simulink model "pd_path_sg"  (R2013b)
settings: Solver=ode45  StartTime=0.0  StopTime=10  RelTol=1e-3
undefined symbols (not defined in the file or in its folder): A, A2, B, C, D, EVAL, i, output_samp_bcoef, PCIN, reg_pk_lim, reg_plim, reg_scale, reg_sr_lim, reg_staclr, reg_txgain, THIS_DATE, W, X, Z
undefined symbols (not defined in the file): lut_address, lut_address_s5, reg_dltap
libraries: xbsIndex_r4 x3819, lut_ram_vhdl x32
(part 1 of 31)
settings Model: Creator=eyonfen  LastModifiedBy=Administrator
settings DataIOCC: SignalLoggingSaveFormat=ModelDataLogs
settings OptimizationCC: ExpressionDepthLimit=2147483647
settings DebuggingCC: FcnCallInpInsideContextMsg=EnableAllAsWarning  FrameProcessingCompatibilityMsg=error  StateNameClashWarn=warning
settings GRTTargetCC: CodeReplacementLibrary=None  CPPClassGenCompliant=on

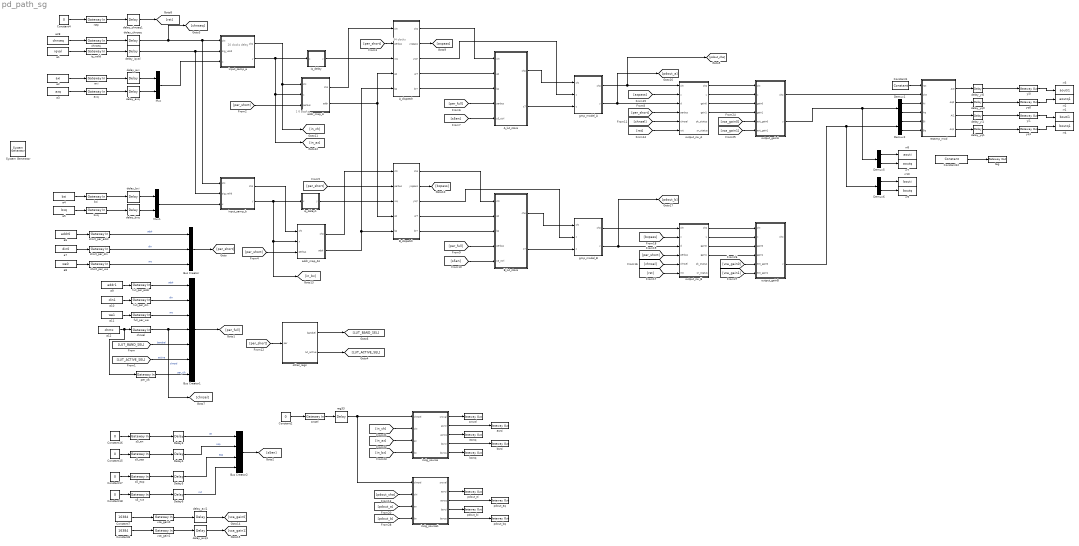
== system pd_path_sg ==
  note: 1 6 clocks
  note: 20 clocks delay
  note: 34 clocks
  " System Generator" : xbsIndex_r4/ System Generator  Tag=genX  xilinxfamily=zynquplus  part=xczu15eg  speed=-1LV-i-EVAL  package=ffvb1156  synthesis_tool=Vivado  clock_wrapper=Clock Enables  directory=../../../netlist/pd_path_sg  proj_type=Vivado  Synth_file=Vivado Synthesis Defaults  Impl_file=Vivado Implementation Defaults  testbench=off  simulink_period=1  sysclk_period=10  dcm_input_clock_period=10  incr_netlist=off  trim_vbits=Everywhere in SubSystem  dbl_ovrd=According to Block Masks  core_generation=According to Block Masks  run_coregen=off  deprecated_control=off  eval_field=0  block_type=sysgen
  A_dispatch : Subsystem  mask{para_band=0}
  A_lut_store : Subsystem  mask{band_sel=0}
  B_dispatch : Subsystem  mask{para_band=1}
  B_lut_store : Subsystem  mask{band_sel=1}
  Bus Creator : BusCreator  Inputs=3
  Bus Creator1 : BusCreator  Inputs=7
  Bus Creator2 : BusCreator
  Constant1 : xbsIndex_r4/Constant  const=0  gui_display_data_type=Boolean  arith_type=Boolean  n_bits=10  bin_pt=0  preci_type=Single  exp_width=8  frac_width=24  explicit_period=on  period=1  equ=P=C  opselect=C  inp2=PCIN>>17  opr=+  inp1=P  carry=CIN  dbl_ovrd=off  block_type=constant
  Constant12 : xbsIndex_r4/Constant  const=THIS_DATE  gui_display_data_type=Fixed-point  arith_type=Unsigned  n_bits=32  bin_pt=0  preci_type=Single  exp_width=8  frac_width=24  explicit_period=off  period=1  equ=P=C  opselect=C  inp2=PCIN>>17  opr=+  inp1=P  carry=CIN  dbl_ovrd=off  block_type=constant
  Constant{2,4,15..18} (6 alike) : Constant  Value=0
  Constant7 : Constant  Value=16384
  Constant8 : Constant  Value=16384
  Delay{3..6} (4 alike) : xbsIndex_r4/Delay  rst=off  infoeditControl=Selection of Reset will increase slice count due to use of real FFs and instead of SRLs  en=off  latency=1  reg_retiming=off  dbl_ovrd=off  block_type=delay
  Demux{1..2,5..6} (4 alike) : Demux  Outputs=2
  Mux : Mux  Inputs=2
  Mux1 : Mux  Inputs=2
  a1 : FromWorkspace  VariableName=iqval  Interpolate=off  OutputAfterFinalValue=Cyclic repetition
  a10 : FromWorkspace  VariableName=din1  Interpolate=off  OutputAfterFinalValue=Setting to zero
  a11 : FromWorkspace  VariableName=we1  Interpolate=off  OutputAfterFinalValue=Setting to zero
  a12 : FromWorkspace  VariableName=chntx  Interpolate=off  OutputAfterFinalValue=Cyclic repetition
  a2 : FromWorkspace  VariableName=axi  Interpolate=off  OutputAfterFinalValue=Setting to zero
  a28 : FromWorkspace  VariableName=chnseq  Interpolate=off  OutputAfterFinalValue=Cyclic repetition
  a3 : FromWorkspace  VariableName=axq  Interpolate=off  OutputAfterFinalValue=Setting to zero
  a4 : FromWorkspace  VariableName=bxi  Interpolate=off  OutputAfterFinalValue=Setting to zero
  a5 : FromWorkspace  VariableName=bxq  Interpolate=off  OutputAfterFinalValue=Setting to zero
  a6 : FromWorkspace  VariableName=addr0  Interpolate=off  OutputAfterFinalValue=Setting to zero
  a7 : FromWorkspace  VariableName=din0  Interpolate=off  OutputAfterFinalValue=Setting to zero
  a8 : FromWorkspace  VariableName=we0  Interpolate=off  OutputAfterFinalValue=Setting to zero
  a9 : FromWorkspace  VariableName=addr1  Interpolate=off  OutputAfterFinalValue=Setting to zero
  addr_map_A : Subsystem  mask{para_band=0}
  addr_map_A1 : Subsystem  mask{para_band=1}
  asrci : xbsIndex_r4/Gateway Out  inherit_from_input=off  hdl_port=on  rows=1  columns=1  UseAsDAC=off  DACChannel='1'  interface=None  automatic_assignment=on  address_offset=hex2dec('00')  intf_name=''  intf_description=''  timing_constraint=None  locs_specified=off  LOCs={}  io_standard={}  block_type=gatewayout
  asrcq : xbsIndex_r4/Gateway Out  inherit_from_input=off  hdl_port=on  rows=1  columns=1  UseAsDAC=off  DACChannel='1'  interface=None  automatic_assignment=on  address_offset=hex2dec('00')  intf_name=''  intf_description=''  timing_constraint=None  locs_specified=off  LOCs={}  io_standard={}  block_type=gatewayout
  axi : xbsIndex_r4/Gateway In  gui_display_data_type=Fixed-point  arith_type="Signed  (2's comp)"  n_bits=16  bin_pt=0  preci_type=Single  exp_width=8  frac_width=24  rows=1  columns=1  quantization="Round  (unbiased: +/- Inf)"  overflow=Saturate  period=1  UseAsADC=off  ADCChannel='1'  interface=None  automatic_assignment=on  address_offset=hex2dec('00')  intf_name=''  intf_description=''  default_value=0  timing_constraint=None  locs_specified=off  LOCs={}  io_standard={}  inherit_from_input=off  hdl_port=on  dbl_ovrd=off  block_type=gatewayin
  axq : xbsIndex_r4/Gateway In  gui_display_data_type=Fixed-point  arith_type="Signed  (2's comp)"  n_bits=16  bin_pt=0  preci_type=Single  exp_width=8  frac_width=24  rows=1  columns=1  quantization="Round  (unbiased: +/- Inf)"  overflow=Saturate  period=1  UseAsADC=off  ADCChannel='1'  interface=None  automatic_assignment=on  address_offset=hex2dec('00')  intf_name=''  intf_description=''  default_value=0  timing_constraint=None  locs_specified=off  LOCs={}  io_standard={}  inherit_from_input=off  hdl_port=on  dbl_ovrd=off  block_type=gatewayin
  bsrci : xbsIndex_r4/Gateway Out  inherit_from_input=off  hdl_port=on  rows=1  columns=1  UseAsDAC=off  DACChannel='1'  interface=None  automatic_assignment=on  address_offset=hex2dec('00')  intf_name=''  intf_description=''  timing_constraint=None  locs_specified=off  LOCs={}  io_standard={}  block_type=gatewayout
  bsrcq : xbsIndex_r4/Gateway Out  inherit_from_input=off  hdl_port=on  rows=1  columns=1  UseAsDAC=off  DACChannel='1'  interface=None  automatic_assignment=on  address_offset=hex2dec('00')  intf_name=''  intf_description=''  timing_constraint=None  locs_specified=off  LOCs={}  io_standard={}  block_type=gatewayout
  bxi : xbsIndex_r4/Gateway In  gui_display_data_type=Fixed-point  arith_type="Signed  (2's comp)"  n_bits=16  bin_pt=0  preci_type=Single  exp_width=8  frac_width=24  rows=1  columns=1  quantization="Round  (unbiased: +/- Inf)"  overflow=Saturate  period=1  UseAsADC=off  ADCChannel='1'  interface=None  automatic_assignment=on  address_offset=hex2dec('00')  intf_name=''  intf_description=''  default_value=0  timing_constraint=None  locs_specified=off  LOCs={}  io_standard={}  inherit_from_input=off  hdl_port=on  dbl_ovrd=off  block_type=gatewayin
  bxq : xbsIndex_r4/Gateway In  gui_display_data_type=Fixed-point  arith_type="Signed  (2's comp)"  n_bits=16  bin_pt=0  preci_type=Single  exp_width=8  frac_width=24  rows=1  columns=1  quantization="Round  (unbiased: +/- Inf)"  overflow=Saturate  period=1  UseAsADC=off  ADCChannel='1'  interface=None  automatic_assignment=on  address_offset=hex2dec('00')  intf_name=''  intf_description=''  default_value=0  timing_constraint=None  locs_specified=off  LOCs={}  io_standard={}  inherit_from_input=off  hdl_port=on  dbl_ovrd=off  block_type=gatewayin
  chnsel : xbsIndex_r4/Gateway In  gui_display_data_type=Fixed-point  arith_type=Unsigned  n_bits=1  bin_pt=0  preci_type=Single  exp_width=8  frac_width=24  rows=1  columns=1  quantization="Round  (unbiased: +/- Inf)"  overflow=Saturate  period=1  UseAsADC=off  ADCChannel='1'  interface=None  automatic_assignment=on  address_offset=hex2dec('00')  intf_name=''  intf_description=''  default_value=0  timing_constraint=None  locs_specified=off  LOCs={}  io_standard={}  inherit_from_input=off  hdl_port=on  dbl_ovrd=off  block_type=gatewayin
  chnseq : xbsIndex_r4/Gateway In  gui_display_data_type=Fixed-point  arith_type=Unsigned  n_bits=1  bin_pt=0  preci_type=Single  exp_width=8  frac_width=24  rows=1  columns=1  quantization="Round  (unbiased: +/- Inf)"  overflow=Saturate  period=1  UseAsADC=off  ADCChannel='1'  interface=None  automatic_assignment=on  address_offset=hex2dec('00')  intf_name=''  intf_description=''  default_value=0  timing_constraint=None  locs_specified=off  LOCs={}  io_standard={}  inherit_from_input=off  hdl_port=on  dbl_ovrd=off  block_type=gatewayin
  delay_axi : xbsIndex_r4/Delay  rst=off  infoeditControl=Selection of Reset will increase slice count due to use of real FFs and instead of SRLs  en=off  latency=1  reg_retiming=off  dbl_ovrd=off  block_type=delay
  delay_axi1 : xbsIndex_r4/Delay  rst=off  infoeditControl=Selection of Reset will increase slice count due to use of real FFs and instead of SRLs  en=off  latency=1  reg_retiming=off  dbl_ovrd=off  block_type=delay
  delay_axq : xbsIndex_r4/Delay  rst=off  infoeditControl=Selection of Reset will increase slice count due to use of real FFs and instead of SRLs  en=off  latency=1  reg_retiming=off  dbl_ovrd=off  block_type=delay
  delay_axq1 : xbsIndex_r4/Delay  rst=off  infoeditControl=Selection of Reset will increase slice count due to use of real FFs and instead of SRLs  en=off  latency=1  reg_retiming=off  dbl_ovrd=off  block_type=delay
  delay_bxi : xbsIndex_r4/Delay  rst=off  infoeditControl=Selection of Reset will increase slice count due to use of real FFs and instead of SRLs  en=off  latency=1  reg_retiming=off  dbl_ovrd=off  block_type=delay
  delay_bxq : xbsIndex_r4/Delay  rst=off  infoeditControl=Selection of Reset will increase slice count due to use of real FFs and instead of SRLs  en=off  latency=1  reg_retiming=off  dbl_ovrd=off  block_type=delay
  delay_chnseq : xbsIndex_r4/Delay  rst=off  infoeditControl=Selection of Reset will increase slice count due to use of real FFs and instead of SRLs  en=off  latency=1  reg_retiming=off  dbl_ovrd=off  block_type=delay
  delay_chnseq1 : xbsIndex_r4/Delay  rst=off  infoeditControl=Selection of Reset will increase slice count due to use of real FFs and instead of SRLs  en=off  latency=2  reg_retiming=off  dbl_ovrd=off  block_type=delay
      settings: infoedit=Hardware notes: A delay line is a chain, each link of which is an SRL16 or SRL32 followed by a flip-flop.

———

Your answer should consist only of the lines above between the line holding "a9 : FromWorkspace" and the line holding "addr_map_A1 : Subsystem", inclusive, each transcribed exactly.

  a9 : FromWorkspace  VariableName=addr1  Interpolate=off  OutputAfterFinalValue=Setting to zero
  addr_map_A : Subsystem  mask{para_band=0}
  addr_map_A1 : Subsystem  mask{para_band=1}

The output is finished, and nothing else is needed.